KHK’lı Psikiyatri uzmanı Prof.Dr. Haluk Savaş yurt dışı yasağı kaldırılmasına rağmen pasaportu iptal edildiği için ve yeniden çıkartılamayacağı için tedavi görmek için yurt dışına çıkamadığını yazdı.
Twitter hesabından “KHK bizi yurt içinde ölmeye mahkum ediyor.” diyen Haluk Savaş, kanser hastası olması nedeniyle 39 ay ömür biçildiğini, bu süreçte CİMER’e yazsa bile sürecin uzun olmasının ölümüne neden olacağını ifade etti.
MUSTAFA YENEROĞLU’NDAN ADALET ÇAĞRISI
Haluk Savaş’ın yardım çağrısına AK Parti İstanbul Milletvekili Mustafa Yeneroğlu’ndan yanıt geldi. Yeneroğlu “İlgili idari birimlerin mahkeme kararının gereğini hemen yapacaklarına inanıyorum.Adalet gecikmemeli.” diyerek adalet çağrısında bulundu.

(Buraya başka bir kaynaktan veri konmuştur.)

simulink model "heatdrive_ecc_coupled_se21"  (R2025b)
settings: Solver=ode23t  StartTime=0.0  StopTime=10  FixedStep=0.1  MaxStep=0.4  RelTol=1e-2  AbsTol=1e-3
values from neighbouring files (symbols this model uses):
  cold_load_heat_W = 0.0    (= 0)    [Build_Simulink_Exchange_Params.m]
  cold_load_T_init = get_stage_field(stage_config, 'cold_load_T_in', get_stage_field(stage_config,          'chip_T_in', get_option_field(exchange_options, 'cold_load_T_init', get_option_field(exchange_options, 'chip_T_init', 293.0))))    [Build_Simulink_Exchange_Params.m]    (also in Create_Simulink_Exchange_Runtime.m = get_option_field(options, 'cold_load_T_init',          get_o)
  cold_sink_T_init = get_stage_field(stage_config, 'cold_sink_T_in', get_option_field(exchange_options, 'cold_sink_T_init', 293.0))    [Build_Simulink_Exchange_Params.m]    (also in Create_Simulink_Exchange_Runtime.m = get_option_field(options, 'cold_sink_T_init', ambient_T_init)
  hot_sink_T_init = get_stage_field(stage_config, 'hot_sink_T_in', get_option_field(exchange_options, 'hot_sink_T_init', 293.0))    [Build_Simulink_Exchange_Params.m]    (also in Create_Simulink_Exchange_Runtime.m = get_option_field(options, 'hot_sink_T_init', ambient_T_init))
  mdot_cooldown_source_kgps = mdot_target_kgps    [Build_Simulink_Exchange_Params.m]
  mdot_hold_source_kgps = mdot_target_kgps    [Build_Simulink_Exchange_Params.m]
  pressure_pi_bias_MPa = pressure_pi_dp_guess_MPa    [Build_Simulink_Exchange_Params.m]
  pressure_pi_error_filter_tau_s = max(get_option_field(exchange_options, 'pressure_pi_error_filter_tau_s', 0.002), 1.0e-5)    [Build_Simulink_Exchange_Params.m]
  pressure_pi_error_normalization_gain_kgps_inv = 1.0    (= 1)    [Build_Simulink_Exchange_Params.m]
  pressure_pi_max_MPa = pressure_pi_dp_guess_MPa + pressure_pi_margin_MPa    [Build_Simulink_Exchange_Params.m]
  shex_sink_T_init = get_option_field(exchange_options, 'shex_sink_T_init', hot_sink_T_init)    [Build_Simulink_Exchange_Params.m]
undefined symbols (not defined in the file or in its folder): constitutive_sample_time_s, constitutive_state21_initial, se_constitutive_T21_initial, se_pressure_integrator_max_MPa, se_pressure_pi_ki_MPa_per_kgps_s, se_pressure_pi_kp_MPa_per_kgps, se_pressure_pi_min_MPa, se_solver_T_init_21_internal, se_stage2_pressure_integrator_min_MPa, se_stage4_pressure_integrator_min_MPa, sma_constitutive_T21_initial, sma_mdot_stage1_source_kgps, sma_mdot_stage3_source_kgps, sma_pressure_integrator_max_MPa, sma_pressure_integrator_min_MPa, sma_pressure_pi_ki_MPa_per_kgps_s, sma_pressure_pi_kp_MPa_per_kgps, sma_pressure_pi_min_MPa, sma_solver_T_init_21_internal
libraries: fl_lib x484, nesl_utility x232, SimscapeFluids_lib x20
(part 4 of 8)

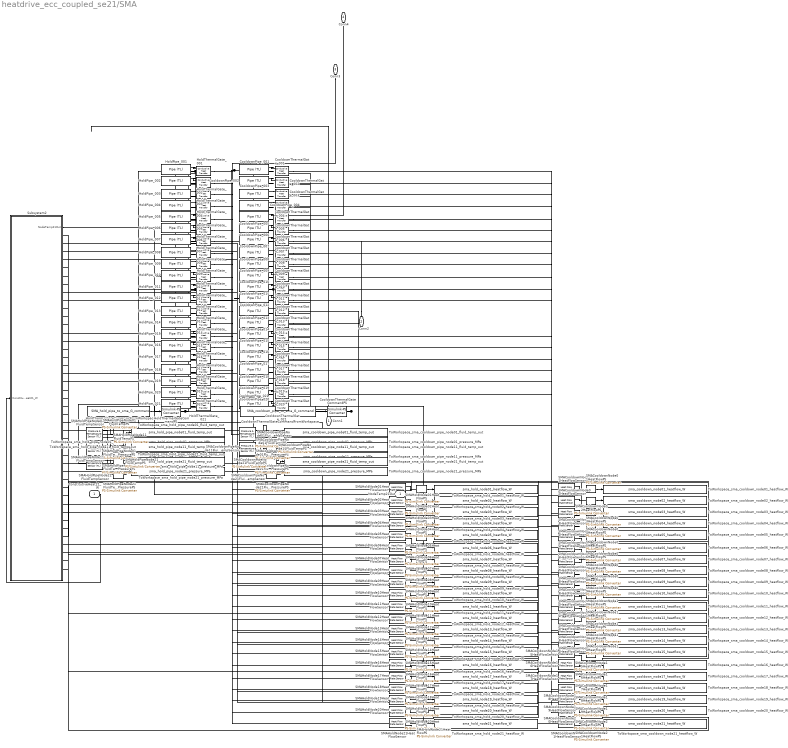
== system heatdrive_ecc_coupled_se21/SMA ==
  ConstitutiveHeat21_W : Inport
  CooldownPipe_001 : fl_lib/Thermal Liquid/Elements/Pipe (TL)  length=sma_article_pipe_segment_l m  area=sma_article_pipe_fa m^2  Dh=sma_article_pipe_Dh m  length_add=0 m  roughness=15e-6 m  Re_lam=2000  Re_tur=4000  shape_factor=64  Nu_lam=sma_article_Nu  dynamic_compressibility=false  inertia=false  p0=1 MPa  T0=sma_cooldown_fluid_T_init K  mdot0=0 kg/s  p_nominal=1 MPa  T_nominal=293.15 K
  CooldownPipe_002 : fl_lib/Thermal Liquid/Elements/Pipe (TL)  length=sma_article_pipe_segment_l m  area=sma_article_pipe_fa m^2  Dh=sma_article_pipe_Dh m  length_add=0 m  roughness=15e-6 m  Re_lam=2000  Re_tur=4000  shape_factor=64  Nu_lam=sma_article_Nu  dynamic_compressibility=false  inertia=false  p0=1 MPa  T0=sma_cooldown_fluid_T_init K  mdot0=0 kg/s  p_nominal=1 MPa  T_nominal=293.15 K
  CooldownPipe_003 : fl_lib/Thermal Liquid/Elements/Pipe (TL)  length=sma_article_pipe_segment_l m  area=sma_article_pipe_fa m^2  Dh=sma_article_pipe_Dh m  length_add=0 m  roughness=15e-6 m  Re_lam=2000  Re_tur=4000  shape_factor=64  Nu_lam=sma_article_Nu  dynamic_compressibility=false  inertia=false  p0=1 MPa  T0=sma_cooldown_fluid_T_init K  mdot0=0 kg/s  p_nominal=1 MPa  T_nominal=293.15 K
  CooldownPipe_004 : fl_lib/Thermal Liquid/Elements/Pipe (TL)  length=sma_article_pipe_segment_l m  area=sma_article_pipe_fa m^2  Dh=sma_article_pipe_Dh m  length_add=0 m  roughness=15e-6 m  Re_lam=2000  Re_tur=4000  shape_factor=64  Nu_lam=sma_article_Nu  dynamic_compressibility=false  inertia=false  p0=1 MPa  T0=sma_cooldown_fluid_T_init K  mdot0=0 kg/s  p_nominal=1 MPa  T_nominal=293.15 K
  CooldownPipe_005 : fl_lib/Thermal Liquid/Elements/Pipe (TL)  length=sma_article_pipe_segment_l m  area=sma_article_pipe_fa m^2  Dh=sma_article_pipe_Dh m  length_add=0 m  roughness=15e-6 m  Re_lam=2000  Re_tur=4000  shape_factor=64  Nu_lam=sma_article_Nu  dynamic_compressibility=false  inertia=false  p0=1 MPa  T0=sma_cooldown_fluid_T_init K  mdot0=0 kg/s  p_nominal=1 MPa  T_nominal=293.15 K
  CooldownPipe_006 : fl_lib/Thermal Liquid/Elements/Pipe (TL)  length=sma_article_pipe_segment_l m  area=sma_article_pipe_fa m^2  Dh=sma_article_pipe_Dh m  length_add=0 m  roughness=15e-6 m  Re_lam=2000  Re_tur=4000  shape_factor=64  Nu_lam=sma_article_Nu  dynamic_compressibility=false  inertia=false  p0=1 MPa  T0=sma_cooldown_fluid_T_init K  mdot0=0 kg/s  p_nominal=1 MPa  T_nominal=293.15 K
  CooldownPipe_007 : fl_lib/Thermal Liquid/Elements/Pipe (TL)  length=sma_article_pipe_segment_l m  area=sma_article_pipe_fa m^2  Dh=sma_article_pipe_Dh m  length_add=0 m  roughness=15e-6 m  Re_lam=2000  Re_tur=4000  shape_factor=64  Nu_lam=sma_article_Nu  dynamic_compressibility=false  inertia=false  p0=1 MPa  T0=sma_cooldown_fluid_T_init K  mdot0=0 kg/s  p_nominal=1 MPa  T_nominal=293.15 K
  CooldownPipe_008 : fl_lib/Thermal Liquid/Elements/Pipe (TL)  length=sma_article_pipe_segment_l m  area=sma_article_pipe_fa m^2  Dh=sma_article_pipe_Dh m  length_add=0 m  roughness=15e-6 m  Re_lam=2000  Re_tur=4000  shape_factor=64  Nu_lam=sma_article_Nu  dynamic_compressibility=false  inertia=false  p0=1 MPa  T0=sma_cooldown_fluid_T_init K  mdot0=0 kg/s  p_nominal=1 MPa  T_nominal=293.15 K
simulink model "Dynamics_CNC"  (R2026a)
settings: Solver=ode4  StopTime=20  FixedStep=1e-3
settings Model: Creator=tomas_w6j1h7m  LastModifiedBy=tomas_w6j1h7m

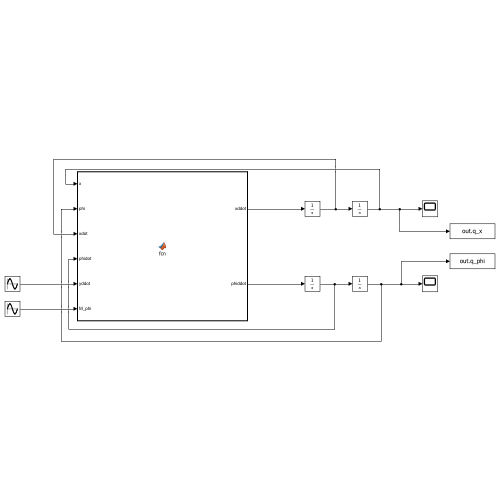
[thumbnail: Simulink's stored preview of the top-level diagram]
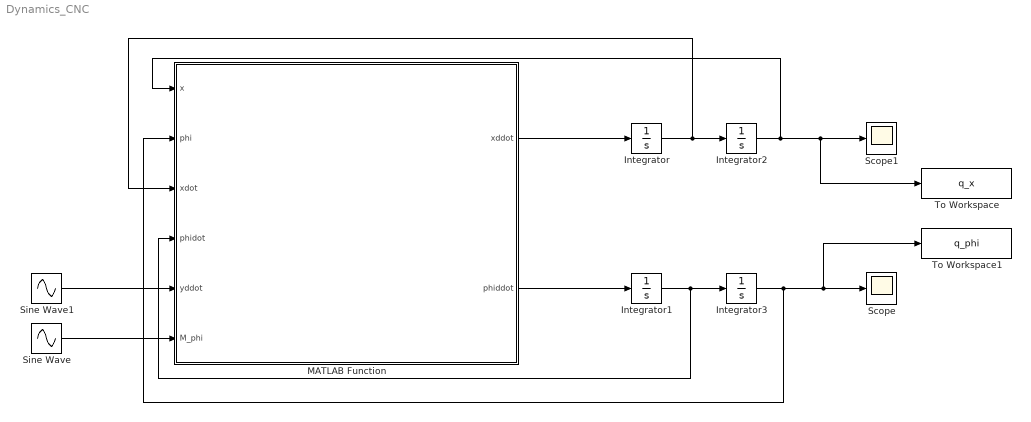
== system Dynamics_CNC ==
  Integrator : Integrator
  Integrator1 : Integrator
  Integrator2 : Integrator  InitialCondition=0.1
  Integrator3 : Integrator  InitialCondition=-pi/4
  MATLAB Function : MATLAB Function  TreatAsAtomicUnit=on
  Scope : Scope
      settings: ActiveDisplayYMinimum=-3.5567992621975297  ActiveDisplayYMaximum=0.70838578164525046
  Scope1 : Scope
      settings: ActiveDisplayYMinimum=0.020541308228781585  ActiveDisplayYMaximum=0.8151282259409659
  Sine Wave : Sin  Amplitude=120  Frequency=3  SampleTime=0
  Sine Wave1 : Sin  Amplitude=-20  Frequency=10  SampleTime=0
  To Workspace : ToWorkspace  VariableName=q_x  SampleTime=-1
  To Workspace1 : ToWorkspace  VariableName=q_phi  SampleTime=-1
  wires:
  MATLAB Function/1(xddot) -> Integrator/1
  MATLAB Function/2(phiddot) -> Integrator1/1
  Integrator1/1 -> Integrator3/1, MATLAB Function/4(phidot)
  Integrator/1 -> Integrator2/1, MATLAB Function/3(xdot)
  Integrator2/1 -> To Workspace/1, Scope1/1, MATLAB Function/1(x)
  Integrator3/1 -> To Workspace1/1, Scope/1, MATLAB Function/2(phi)
  Sine Wave/1 -> MATLAB Function/6(M_phi)
  Sine Wave1/1 -> MATLAB Function/5(yddot)

== matlab function Dynamics_CNC/MATLAB Function ==
  data: x input; xddot output; phi input; xdot input; phidot input; yddot input; M_phi input; phiddot output
function [xddot,phiddot] = fcn(x,phi,xdot,phidot,yddot,M_phi)

%% Parameters from Table 1

J_h2    = 1.2;
L23     = 0.05;
d_PD    = 10;
d_phi   = 2;
d_x     = 0.5;
g        = 9.81;
k_PD     = 380;
k_phi    = 100;
m_c      = 2;
m_h      = 0.7;
phi_h3   = pi/3;
phi_ref  = -pi/2;
x_PDref  = 0.5;

%% Defining the EoM

[M,rhs] = EOM_Function( ...
    J_h2,L23,M_phi,d_PD,d_phi,d_x,g,...
    k_PD,k_phi,m_c,m_h,...
    phi,phi_h3,phidot,phi_ref,...
    x,x_PDref,xdot,yddot);

qdd = M\rhs;

xddot   = qdd(1);
phiddot = qdd(2);

end

Kendisini tanımıyorum.Bahsettiği konuyu araştırmadım ancak şahit olduğum benzer örnekler bana azap veriyor ve aynı zamanda terör örgütlerine karşı mücadelemizi de zaafa uğratıyor.İlgili idari birimlerin mahkeme kararının gereğini hemen yapacaklarına inanıyorum.Adalet gecikmemeli. https://t.co/rTSyUIlC5l
— Mustafa Yeneroğlu (@myeneroglu) 13 Mayıs 2019
KHK’LI KANSER HASTASININ YARDIM ÇAĞRISI
KHK’lı Psikiyatri uzmanı Prof.Dr. Haluk Savaş yaşadıklarını şu şekilde anlattı:
“Az önce TC Adana Valiliği’ndeydim; pasaport için önce tahditlerin sorgulandığı odaya girdim. Memura KHK’lı olduğumu, yargılanıp beraat ettiğimi, mahkemenin yurt dışı yasağımı kaldırdığını, iki kez tekrar etmiş kanser hastası olup yurt dışında tedavi olmak istediğimi belirttim.
Memur bilgisayardan baktı KHK ile kamudan ihraç olduğumdan KHK ile pasaportumun iptal olduğunu bu nedenle pasaport çıkaramayacaklarını belirtti. Yani mahkemenin benim yurt dışına çıkış yasağımı kaldırması hiç bir anlam ifade etmiyor. KHK bizi yurt içinde ölmeye” mahkum ediyor.
“Bu KHK’ya karşı ne yapabiliriz?” diye sordum. “Kanser raporlarınızla birlikte CİMER’e yazın” denildi. Benim ortalama beklenen ömrüm 39 ay, bunun 30 ayı geçti “geri kalan” 9 ayı devletin çeşitli birimleri ile “yazışarak” geçireceğiz anlaşılan. Oysa Japonya, Kore, Küba, ABD’de tedavi olabilmem için yeni geliştirilmiş önemli tedavi teknikleri var. Mesela biri 2018’de Nobel Tıp Ödülü’nü alan Prof. Allison’un immunoterapisi. Şimdi bu tedavilere bir an önce kavuşmak ve hayatta kalabilmeyi denemek yerine devletin bana ördüğü “ölüm duvarı”yla karşılaşıyorum.
Sağ kalırsam, önce CİMER’e, başarılı olamazsam idari mahkemeye, başarılı olamazsam bölge idare mahkemesine, başarılı olamazsam Danıştay’a, başarılı olamazsam, AYM’ye, başarılı olamazsam AİHM’e başvuracağım. TR’de ceberrut devletle uğraşmak mı daha zor yoksa azraille mi bilemedim?”